And as regards the photograph... where to begin?

This image contains such a huge amount of information, technical, operational, and just general "slice of life", that I'm really not sure where this part of the story is going to take me, but of course that's one of the most deliciously-fun aspects of being writer, and that's the part where "you give yourself over to it," having no idea where it's going to go, allowing the muse to move in, take full command of things, and then, even as the words are literally pouring off of the ends of your own fingers, you find yourself to be a spectator to things.

It's not even you, anymore.

I'm feeling it strongly, right this second, even as an unbidden torrent of more and more letters of the alphabet continues to assemble, self-arrange, and grow across and down my computer screen, completely on its own, without any sensible, conscious, input that's actually coming from me.

The sensation is utterly indescribable, and is also utterly delicious, and right now, I could not possibly care less about "the rules of order" and rigid adherence to some damn made-up set of instructions for doing this stuff.

I'm having too much fun.

Leave me alone!


Ok, back to the picture.

What the hell's going on here, anyway?

That's the Pad Deck down there, a little over one hundred forty feet beneath your point of view, hanging dangerously out against and beyond the piece of removable handrail that sits at the terminal end of the flip-up portion of the Vehicle Access Platform you're standing on, all alone.

The platform you're standing on is one of the most out-of-the-way locations you can get to, short of walking high steel, on the whole RSS. All of these Vehicle Access Platforms, the whole set, three of them in descending order over on the Column Line 7 side of things, and this single one over on the Hinge Column side of things, were pesty to get to, but at least the ones over on the far side could be gotten to by climbing down (although heading back was strictly an uphill affair), but this one did not even have that much going for it.

You start from the ground.
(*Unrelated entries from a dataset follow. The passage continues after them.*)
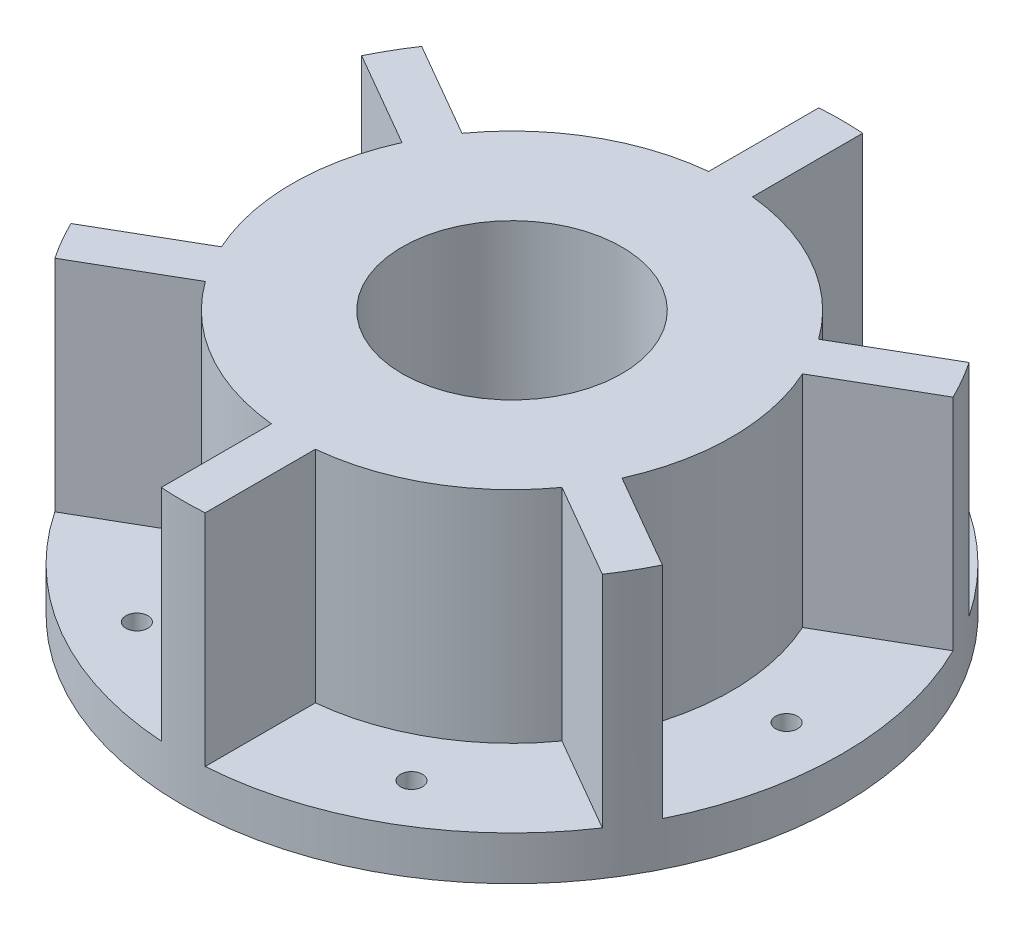
ISO-10303-21;
HEADER;
FILE_DESCRIPTION(('STEP AP214'),'2;1');
FILE_NAME('part.step','',(''),(''),'','','');
FILE_SCHEMA(('AUTOMOTIVE_DESIGN { 1 0 10303 214 1 1 1 1 }'));
ENDSEC;
DATA;
#1=APPLICATION_CONTEXT('core data for automotive mechanical design processes');
#2=APPLICATION_PROTOCOL_DEFINITION('international standard','automotive_design',2000,#1);
#3=PRODUCT_CONTEXT('',#1,'mechanical');
#4=PRODUCT('Part','Part','',(#3));
#5=PRODUCT_RELATED_PRODUCT_CATEGORY('part','',(#4));
#6=PRODUCT_DEFINITION_FORMATION('','',#4);
#7=PRODUCT_DEFINITION_CONTEXT('part definition',#1,'design');
#8=PRODUCT_DEFINITION('design','',#6,#7);
#9=PRODUCT_DEFINITION_SHAPE('','',#8);
#10=(LENGTH_UNIT() NAMED_UNIT(*) SI_UNIT(.MILLI.,.METRE.));
#11=(NAMED_UNIT(*) PLANE_ANGLE_UNIT() SI_UNIT($,.RADIAN.));
#12=(NAMED_UNIT(*) SI_UNIT($,.STERADIAN.) SOLID_ANGLE_UNIT());
#13=UNCERTAINTY_MEASURE_WITH_UNIT(LENGTH_MEASURE(1.E-05),#10,'distance_accuracy_value','');
#14=(GEOMETRIC_REPRESENTATION_CONTEXT(3) GLOBAL_UNCERTAINTY_ASSIGNED_CONTEXT((#13)) GLOBAL_UNIT_ASSIGNED_CONTEXT((#10,
#11,#12)) REPRESENTATION_CONTEXT('',''));
#15=CARTESIAN_POINT('',(0.,0.,0.));
#16=DIRECTION('',(0.,0.,1.));
#17=DIRECTION('',(1.,0.,0.));
#18=AXIS2_PLACEMENT_3D('',#15,#16,#17);
#19=CARTESIAN_POINT('',(0.,10.,0.));
#20=DIRECTION('',(0.,1.,0.));
#21=DIRECTION('',(0.,0.,1.));
#22=AXIS2_PLACEMENT_3D('',#19,#20,#21);
#23=PLANE('',#22);
#24=CARTESIAN_POINT('',(31.2500000000003,10.,54.1265877365273));
#25=DIRECTION('',(0.,1.,0.));
#26=DIRECTION('',(0.866025403784436,0.,-0.500000000000004));
#27=AXIS2_PLACEMENT_3D('',#24,#25,#26);
#28=CIRCLE('',#27,2.5);
#29=CARTESIAN_POINT('',(33.4150635094613,10.,52.8765877365273));
#30=VERTEX_POINT('',#29);
#31=EDGE_CURVE('E413',#30,#30,#28,.T.);
#32=ORIENTED_EDGE('',*,*,#31,.F.);
#33=EDGE_LOOP('',(#32));
#34=FACE_BOUND('',#33,.T.);
#35=CARTESIAN_POINT('',(0.,10.,0.));
#36=DIRECTION('',(0.,1.,0.));
#37=DIRECTION('',(0.,0.,1.));
#38=AXIS2_PLACEMENT_3D('',#35,#36,#37);
#39=CIRCLE('',#38,75.);
#40=CARTESIAN_POINT('',(5.00000000000001,10.,74.8331477354789));
#41=VERTEX_POINT('',#40);
#42=CARTESIAN_POINT('',(62.3074069840785,10.,41.7467008866619));
#43=VERTEX_POINT('',#42);
#44=EDGE_CURVE('E50',#41,#43,#39,.T.);
#45=ORIENTED_EDGE('',*,*,#44,.T.);
#46=DIRECTION('',(0.866025403784437,0.,0.500000000000004));
#47=VECTOR('',#46,1.);
#48=CARTESIAN_POINT('',(62.3074069840785,10.,41.7467008866619));
#49=LINE('',#48,#47);
#50=CARTESIAN_POINT('',(40.5842198490351,10.,29.2048129465879));
#51=VERTEX_POINT('',#50);
#52=EDGE_CURVE('E378',#51,#43,#49,.T.);
#53=ORIENTED_EDGE('',*,*,#52,.F.);
#54=CARTESIAN_POINT('',(0.,10.,0.));
#55=DIRECTION('',(0.,1.,0.));
#56=DIRECTION('',(0.,0.,1.));
#57=AXIS2_PLACEMENT_3D('',#54,#55,#56);
#58=CIRCLE('',#57,50.);
#59=CARTESIAN_POINT('',(5.,10.,49.749371855331));
#60=VERTEX_POINT('',#59);
#61=EDGE_CURVE('E223',#60,#51,#58,.T.);
#62=ORIENTED_EDGE('',*,*,#61,.F.);
#63=DIRECTION('',(0.,0.,-1.));
#64=VECTOR('',#63,1.);
#65=CARTESIAN_POINT('',(5.,10.,49.749371855331));
#66=LINE('',#65,#64);
#67=EDGE_CURVE('E283',#41,#60,#66,.T.);
#68=ORIENTED_EDGE('',*,*,#67,.F.);
#69=EDGE_LOOP('',(#45,#53,#62,#68));
#70=FACE_BOUND('',#69,.T.);
#71=ADVANCED_FACE('F42',(#34,#70),#23,.T.);
#72=CARTESIAN_POINT('',(62.5,10.,0.));
#73=DIRECTION('',(0.,1.,0.));
#74=DIRECTION('',(0.,0.,-1.));
#75=AXIS2_PLACEMENT_3D('',#72,#73,#74);
#76=CIRCLE('',#75,2.5);
#77=CARTESIAN_POINT('',(62.5,10.,-2.5));
#78=VERTEX_POINT('',#77);
#79=EDGE_CURVE('E407',#78,#78,#76,.T.);
#80=ORIENTED_EDGE('',*,*,#79,.F.);
#81=EDGE_LOOP('',(#80));
#82=FACE_BOUND('',#81,.T.);
#83=CARTESIAN_POINT('',(45.5842198490351,10.,20.5445589087435));
#84=VERTEX_POINT('',#83);
#85=CARTESIAN_POINT('',(45.5842198490353,10.,-20.5445589087432));
#86=VERTEX_POINT('',#85);
#87=EDGE_CURVE('E248',#84,#86,#58,.T.);
#88=ORIENTED_EDGE('',*,*,#87,.F.);
#89=DIRECTION('',(-0.866025403784437,0.,-0.500000000000004));
#90=VECTOR('',#89,1.);
#91=CARTESIAN_POINT('',(67.3074069840785,10.,33.0864468488175));
#92=LINE('',#91,#90);
#93=CARTESIAN_POINT('',(67.3074069840785,10.,33.0864468488175));
#94=VERTEX_POINT('',#93);
#95=EDGE_CURVE('E214',#94,#84,#92,.T.);
#96=ORIENTED_EDGE('',*,*,#95,.F.);
#97=CARTESIAN_POINT('',(67.3074069840787,10.,-33.0864468488171));
#98=VERTEX_POINT('',#97);
#99=EDGE_CURVE('E438',#94,#98,#39,.T.);
#100=ORIENTED_EDGE('',*,*,#99,.T.);
#101=DIRECTION('',(0.86602540378444,0.,-0.499999999999998));
#102=VECTOR('',#101,1.);
#103=CARTESIAN_POINT('',(67.3074069840787,10.,-33.0864468488171));
#104=LINE('',#103,#102);
#105=EDGE_CURVE('E346',#86,#98,#104,.T.);
#106=ORIENTED_EDGE('',*,*,#105,.F.);
#107=EDGE_LOOP('',(#88,#96,#100,#106));
#108=FACE_BOUND('',#107,.T.);
#109=ADVANCED_FACE('F430',(#82,#108),#23,.T.);
#110=CARTESIAN_POINT('',(0.,60.,0.));
#111=DIRECTION('',(0.,-1.,0.));
#112=DIRECTION('',(0.,0.,-1.));
#113=AXIS2_PLACEMENT_3D('',#110,#111,#112);
#114=CYLINDRICAL_SURFACE('',#113,50.);
#115=DIRECTION('',(0.,-1.,0.));
#116=VECTOR('',#115,1.);
#117=CARTESIAN_POINT('',(40.5842198490351,60.,29.2048129465879));
#118=LINE('',#117,#116);
#119=CARTESIAN_POINT('',(40.5842198490351,60.,29.2048129465879));
#120=VERTEX_POINT('',#119);
#121=EDGE_CURVE('E206',#120,#51,#118,.T.);
#122=ORIENTED_EDGE('',*,*,#121,.F.);
#123=CARTESIAN_POINT('',(0.,60.,0.));
#124=DIRECTION('',(0.,1.,0.));
#125=DIRECTION('',(0.,0.,1.));
#126=AXIS2_PLACEMENT_3D('',#123,#124,#125);
#127=CIRCLE('',#126,50.);
#128=CARTESIAN_POINT('',(5.,60.,49.749371855331));
#129=VERTEX_POINT('',#128);
#130=EDGE_CURVE('E221',#129,#120,#127,.T.);
#131=ORIENTED_EDGE('',*,*,#130,.F.);
#132=DIRECTION('',(0.,-1.,0.));
#133=VECTOR('',#132,1.);
#134=CARTESIAN_POINT('',(5.,60.,49.749371855331));
#135=LINE('',#134,#133);
#136=EDGE_CURVE('E269',#129,#60,#135,.T.);
#137=ORIENTED_EDGE('',*,*,#136,.T.);
#138=ORIENTED_EDGE('',*,*,#61,.T.);
#139=EDGE_LOOP('',(#122,#131,#137,#138));
#140=FACE_BOUND('',#139,.T.);
#141=ADVANCED_FACE('F219',(#140),#114,.T.);
#142=DIRECTION('',(0.,-1.,0.));
#143=VECTOR('',#142,1.);
#144=CARTESIAN_POINT('',(45.5842198490351,60.,20.5445589087435));
#145=LINE('',#144,#143);
#146=CARTESIAN_POINT('',(45.5842198490351,60.,20.5445589087435));
#147=VERTEX_POINT('',#146);
#148=EDGE_CURVE('E57',#147,#84,#145,.T.);
#149=ORIENTED_EDGE('',*,*,#148,.T.);
#150=ORIENTED_EDGE('',*,*,#87,.T.);
#151=DIRECTION('',(0.,-1.,0.));
#152=VECTOR('',#151,1.);
#153=CARTESIAN_POINT('',(45.5842198490353,60.,-20.5445589087432));
#154=LINE('',#153,#152);
#155=CARTESIAN_POINT('',(45.5842198490353,60.,-20.5445589087432));
#156=VERTEX_POINT('',#155);
#157=EDGE_CURVE('E326',#156,#86,#154,.T.);
#158=ORIENTED_EDGE('',*,*,#157,.F.);
#159=EDGE_CURVE('E232',#147,#156,#127,.T.);
#160=ORIENTED_EDGE('',*,*,#159,.F.);
#161=EDGE_LOOP('',(#149,#150,#158,#160));
#162=FACE_BOUND('',#161,.T.);
#163=ADVANCED_FACE('F497',(#162),#114,.T.);
#164=CARTESIAN_POINT('',(-62.5,10.,0.));
#165=DIRECTION('',(0.,1.,0.));
#166=DIRECTION('',(0.,0.,1.));
#167=AXIS2_PLACEMENT_3D('',#164,#165,#166);
#168=CIRCLE('',#167,2.5);
#169=CARTESIAN_POINT('',(-62.5,10.,2.5));
#170=VERTEX_POINT('',#169);
#171=EDGE_CURVE('E383',#170,#170,#168,.T.);
#172=ORIENTED_EDGE('',*,*,#171,.F.);
#173=EDGE_LOOP('',(#172));
#174=FACE_BOUND('',#173,.T.);
#175=CARTESIAN_POINT('',(-45.5842198490351,10.,-20.5445589087435));
#176=VERTEX_POINT('',#175);
#177=CARTESIAN_POINT('',(-45.5842198490353,10.,20.5445589087432));
#178=VERTEX_POINT('',#177);
#179=EDGE_CURVE('E251',#176,#178,#58,.T.);
#180=ORIENTED_EDGE('',*,*,#179,.F.);
#181=DIRECTION('',(0.866025403784437,0.,0.500000000000004));
#182=VECTOR('',#181,1.);
#183=CARTESIAN_POINT('',(-45.5842198490351,10.,-20.5445589087435));
#184=LINE('',#183,#182);
#185=CARTESIAN_POINT('',(-67.3074069840785,10.,-33.0864468488176));
#186=VERTEX_POINT('',#185);
#187=EDGE_CURVE('E224',#186,#176,#184,.T.);
#188=ORIENTED_EDGE('',*,*,#187,.F.);
#189=CARTESIAN_POINT('',(-67.3074069840787,10.,33.0864468488171));
#190=VERTEX_POINT('',#189);
#191=EDGE_CURVE('E441',#186,#190,#39,.T.);
#192=ORIENTED_EDGE('',*,*,#191,.T.);
#193=DIRECTION('',(-0.86602540378444,0.,0.499999999999998));
#194=VECTOR('',#193,1.);
#195=CARTESIAN_POINT('',(-45.5842198490353,10.,20.5445589087432));
#196=LINE('',#195,#194);
#197=EDGE_CURVE('E320',#178,#190,#196,.T.);
#198=ORIENTED_EDGE('',*,*,#197,.F.);
#199=EDGE_LOOP('',(#180,#188,#192,#198));
#200=FACE_BOUND('',#199,.T.);
#201=ADVANCED_FACE('F472',(#174,#200),#23,.T.);
#202=CARTESIAN_POINT('',(-31.2500000000006,10.,-54.126587736527));
#203=DIRECTION('',(0.,1.,0.));
#204=DIRECTION('',(-0.866025403784433,0.,0.50000000000001));
#205=AXIS2_PLACEMENT_3D('',#202,#203,#204);
#206=CIRCLE('',#205,2.5);
#207=CARTESIAN_POINT('',(-33.4150635094617,10.,-52.876587736527));
#208=VERTEX_POINT('',#207);
#209=EDGE_CURVE('E395',#208,#208,#206,.T.);
#210=ORIENTED_EDGE('',*,*,#209,.F.);
#211=EDGE_LOOP('',(#210));
#212=FACE_BOUND('',#211,.T.);
#213=CARTESIAN_POINT('',(-5.00000000000001,10.,-74.8331477354789));
#214=VERTEX_POINT('',#213);
#215=CARTESIAN_POINT('',(-62.3074069840785,10.,-41.7467008866619));
#216=VERTEX_POINT('',#215);
#217=EDGE_CURVE('E439',#214,#216,#39,.T.);
#218=ORIENTED_EDGE('',*,*,#217,.T.);
#219=DIRECTION('',(-0.866025403784437,0.,-0.500000000000004));
#220=VECTOR('',#219,1.);
#221=CARTESIAN_POINT('',(-40.5842198490351,10.,-29.2048129465879));
#222=LINE('',#221,#220);
#223=CARTESIAN_POINT('',(-40.5842198490351,10.,-29.2048129465879));
#224=VERTEX_POINT('',#223);
#225=EDGE_CURVE('E363',#224,#216,#222,.T.);
#226=ORIENTED_EDGE('',*,*,#225,.F.);
#227=CARTESIAN_POINT('',(-5.00000000000001,10.,-49.749371855331));
#228=VERTEX_POINT('',#227);
#229=EDGE_CURVE('E249',#228,#224,#58,.T.);
#230=ORIENTED_EDGE('',*,*,#229,.F.);
#231=DIRECTION('',(0.,0.,1.));
#232=VECTOR('',#231,1.);
#233=CARTESIAN_POINT('',(-5.00000000000001,10.,-74.8331477354789));
#234=LINE('',#233,#232);
#235=EDGE_CURVE('E291',#214,#228,#234,.T.);
#236=ORIENTED_EDGE('',*,*,#235,.F.);
#237=EDGE_LOOP('',(#218,#226,#230,#236));
#238=FACE_BOUND('',#237,.T.);
#239=ADVANCED_FACE('F483',(#212,#238),#23,.T.);
#240=DIRECTION('',(0.,-1.,0.));
#241=VECTOR('',#240,1.);
#242=CARTESIAN_POINT('',(-45.5842198490351,60.,-20.5445589087435));
#243=LINE('',#242,#241);
#244=CARTESIAN_POINT('',(-45.5842198490351,60.,-20.5445589087435));
#245=VERTEX_POINT('',#244);
#246=EDGE_CURVE('E65',#245,#176,#243,.T.);
#247=ORIENTED_EDGE('',*,*,#246,.T.);
#248=ORIENTED_EDGE('',*,*,#179,.T.);
#249=DIRECTION('',(0.,-1.,0.));
#250=VECTOR('',#249,1.);
#251=CARTESIAN_POINT('',(-45.5842198490353,60.,20.5445589087432));
#252=LINE('',#251,#250);
#253=CARTESIAN_POINT('',(-45.5842198490353,60.,20.5445589087432));
#254=VERTEX_POINT('',#253);
#255=EDGE_CURVE('E313',#254,#178,#252,.T.);
#256=ORIENTED_EDGE('',*,*,#255,.F.);
#257=EDGE_CURVE('E238',#245,#254,#127,.T.);
#258=ORIENTED_EDGE('',*,*,#257,.F.);
#259=EDGE_LOOP('',(#247,#248,#256,#258));
#260=FACE_BOUND('',#259,.T.);
#261=ADVANCED_FACE('F477',(#260),#114,.T.);
#262=DIRECTION('',(0.,-1.,0.));
#263=VECTOR('',#262,1.);
#264=CARTESIAN_POINT('',(-40.5842198490351,60.,-29.2048129465879));
#265=LINE('',#264,#263);
#266=CARTESIAN_POINT('',(-40.5842198490351,60.,-29.2048129465879));
#267=VERTEX_POINT('',#266);
#268=EDGE_CURVE('E357',#267,#224,#265,.T.);
#269=ORIENTED_EDGE('',*,*,#268,.F.);
#270=CARTESIAN_POINT('',(-5.00000000000001,60.,-49.749371855331));
#271=VERTEX_POINT('',#270);
#272=EDGE_CURVE('E234',#271,#267,#127,.T.);
#273=ORIENTED_EDGE('',*,*,#272,.F.);
#274=DIRECTION('',(0.,-1.,0.));
#275=VECTOR('',#274,1.);
#276=CARTESIAN_POINT('',(-5.00000000000001,60.,-49.749371855331));
#277=LINE('',#276,#275);
#278=EDGE_CURVE('E296',#271,#228,#277,.T.);
#279=ORIENTED_EDGE('',*,*,#278,.T.);
#280=ORIENTED_EDGE('',*,*,#229,.T.);
#281=EDGE_LOOP('',(#269,#273,#279,#280));
#282=FACE_BOUND('',#281,.T.);
#283=ADVANCED_FACE('F487',(#282),#114,.T.);
#284=CARTESIAN_POINT('',(31.2499999999995,10.,-54.1265877365277));
#285=DIRECTION('',(0.,1.,0.));
#286=DIRECTION('',(-0.866025403784443,0.,-0.499999999999992));
#287=AXIS2_PLACEMENT_3D('',#284,#285,#286);
#288=CIRCLE('',#287,2.5);
#289=CARTESIAN_POINT('',(29.0849364905384,10.,-55.3765877365277));
#290=VERTEX_POINT('',#289);
#291=EDGE_CURVE('E401',#290,#290,#288,.T.);
#292=ORIENTED_EDGE('',*,*,#291,.F.);
#293=EDGE_LOOP('',(#292));
#294=FACE_BOUND('',#293,.T.);
#295=CARTESIAN_POINT('',(40.5842198490353,10.,-29.2048129465876));
#296=VERTEX_POINT('',#295);
#297=CARTESIAN_POINT('',(4.99999999999999,10.,-49.749371855331));
#298=VERTEX_POINT('',#297);
#299=EDGE_CURVE('E250',#296,#298,#58,.T.);
#300=ORIENTED_EDGE('',*,*,#299,.F.);
#301=DIRECTION('',(-0.86602540378444,0.,0.499999999999998));
#302=VECTOR('',#301,1.);
#303=CARTESIAN_POINT('',(62.3074069840787,10.,-41.7467008866615));
#304=LINE('',#303,#302);
#305=CARTESIAN_POINT('',(62.3074069840787,10.,-41.7467008866615));
#306=VERTEX_POINT('',#305);
#307=EDGE_CURVE('E343',#306,#296,#304,.T.);
#308=ORIENTED_EDGE('',*,*,#307,.F.);
#309=CARTESIAN_POINT('',(4.99999999999999,10.,-74.8331477354789));
#310=VERTEX_POINT('',#309);
#311=EDGE_CURVE('E440',#306,#310,#39,.T.);
#312=ORIENTED_EDGE('',*,*,#311,.T.);
#313=DIRECTION('',(0.,0.,-1.));
#314=VECTOR('',#313,1.);
#315=CARTESIAN_POINT('',(4.99999999999999,10.,-74.8331477354789));
#316=LINE('',#315,#314);
#317=EDGE_CURVE('E285',#298,#310,#316,.T.);
#318=ORIENTED_EDGE('',*,*,#317,.F.);
#319=EDGE_LOOP('',(#300,#308,#312,#318));
#320=FACE_BOUND('',#319,.T.);
#321=ADVANCED_FACE('F489',(#294,#320),#23,.T.);
#322=DIRECTION('',(0.,-1.,0.));
#323=VECTOR('',#322,1.);
#324=CARTESIAN_POINT('',(40.5842198490353,60.,-29.2048129465876));
#325=LINE('',#324,#323);
#326=CARTESIAN_POINT('',(40.5842198490353,60.,-29.2048129465876));
#327=VERTEX_POINT('',#326);
#328=EDGE_CURVE('E339',#327,#296,#325,.T.);
#329=ORIENTED_EDGE('',*,*,#328,.T.);
#330=ORIENTED_EDGE('',*,*,#299,.T.);
#331=DIRECTION('',(0.,-1.,0.));
#332=VECTOR('',#331,1.);
#333=CARTESIAN_POINT('',(4.99999999999999,60.,-49.749371855331));
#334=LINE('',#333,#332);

You start from the Pad Deck.

From there, it's either Stair Tower 3, over on Column Line 7, or it's the FSS Elevators. No other options for getting up on the steel, unless they decide to give you a ride in the Skip Box, but that's not happening, so we can forget that.

And we can forget Column Line 7, too. Straight up Stair Tower 3, hoofing it the whole way.

Better to save time and energy using the FSS Elevators, get out at the 140'-0" level, and take the crossover catwalk that ran across the Hinge Column and Struts area, past RSS Column Line 2, to the RSS Main Floor at elevation 135'-7".

But then what?

For the far side of things, for accessing the Vehicle Access Platforms over on the Column Line 7 side of things on the RSS, you had the option of taking the FSS Elevator all the way up to elevation 220'-0", and then walking across the crossover catwalk up there to get to the RSS Roof at elevation 211', and then you could continue to your destination by heading down from there, using Stair Tower 4, and then you could keep going down still using Stair 4, and leave the tower when you were done, by crossing the width of the RSS at elevation 135'-7" and then take the crossover catwalk to the FSS down there at elevation 140'-0", and grab the elevator, once again, and down to the ground you go, nice and easy.

But not over here. Not on this side. You may or may not remember, but we've already discussed Stair Tower 5, in a quite-substantial level of detail I might add, explaining why it had to be the way it was, and Stair Tower 5 did not make it all the way up to the RSS Roof at elevation 211' which you could reach via the FSS Elevators and from where you could then head down, and instead only made it as far up as the top level of the PCR Fixed Platforms at elevation 187'-1", and then, across from there, heading out toward the face of the RSS, it also connected to a catwalk that took you all the way out to our Vehicle Access Platform on the Hinge Column side of things, at elevation 191'-0".

So you got to this little platform by climbing to it, up the full height of Stair 5, or you didn't get to it at all. And stair 5 was as much a ship's ladder as it was a proper stair, which meant it was no fun to have to traverse, and with something (or even several somethingS) in your hands, it was just that much more no fun. And from there you kept on hoofing it until you were all the way out there.

People, very naturally, stayed the hell away from Stair 5.

And in so doing, they stayed the hell away from this little platform.

Splendid Isolation does not even begin to describe it.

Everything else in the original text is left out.